> **Exercise directions**
Reproduce all the entries exactly.

Collected data entries:
"""
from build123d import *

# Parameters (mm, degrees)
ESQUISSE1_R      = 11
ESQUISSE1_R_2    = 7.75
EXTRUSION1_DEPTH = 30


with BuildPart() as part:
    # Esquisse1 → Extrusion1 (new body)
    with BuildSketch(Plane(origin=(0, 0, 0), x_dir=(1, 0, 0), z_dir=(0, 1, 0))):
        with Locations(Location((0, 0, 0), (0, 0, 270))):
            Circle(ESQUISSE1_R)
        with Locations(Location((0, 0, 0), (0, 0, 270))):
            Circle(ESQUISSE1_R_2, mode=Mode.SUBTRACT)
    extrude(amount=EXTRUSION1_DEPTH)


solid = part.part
"""
> **Response to this task**
from build123d import *

# Parameters (mm, degrees)
ESQUISSE1_R      = 11
ESQUISSE1_R_2    = 7.75
EXTRUSION1_DEPTH = 30


with BuildPart() as part:
    # Esquisse1 → Extrusion1 (new body)
    with BuildSketch(Plane(origin=(0, 0, 0), x_dir=(1, 0, 0), z_dir=(0, 1, 0))):
        with Locations(Location((0, 0, 0), (0, 0, 270))):
            Circle(ESQUISSE1_R)
        with Locations(Location((0, 0, 0), (0, 0, 270))):
            Circle(ESQUISSE1_R_2, mode=Mode.SUBTRACT)
    extrude(amount=EXTRUSION1_DEPTH)


solid = part.part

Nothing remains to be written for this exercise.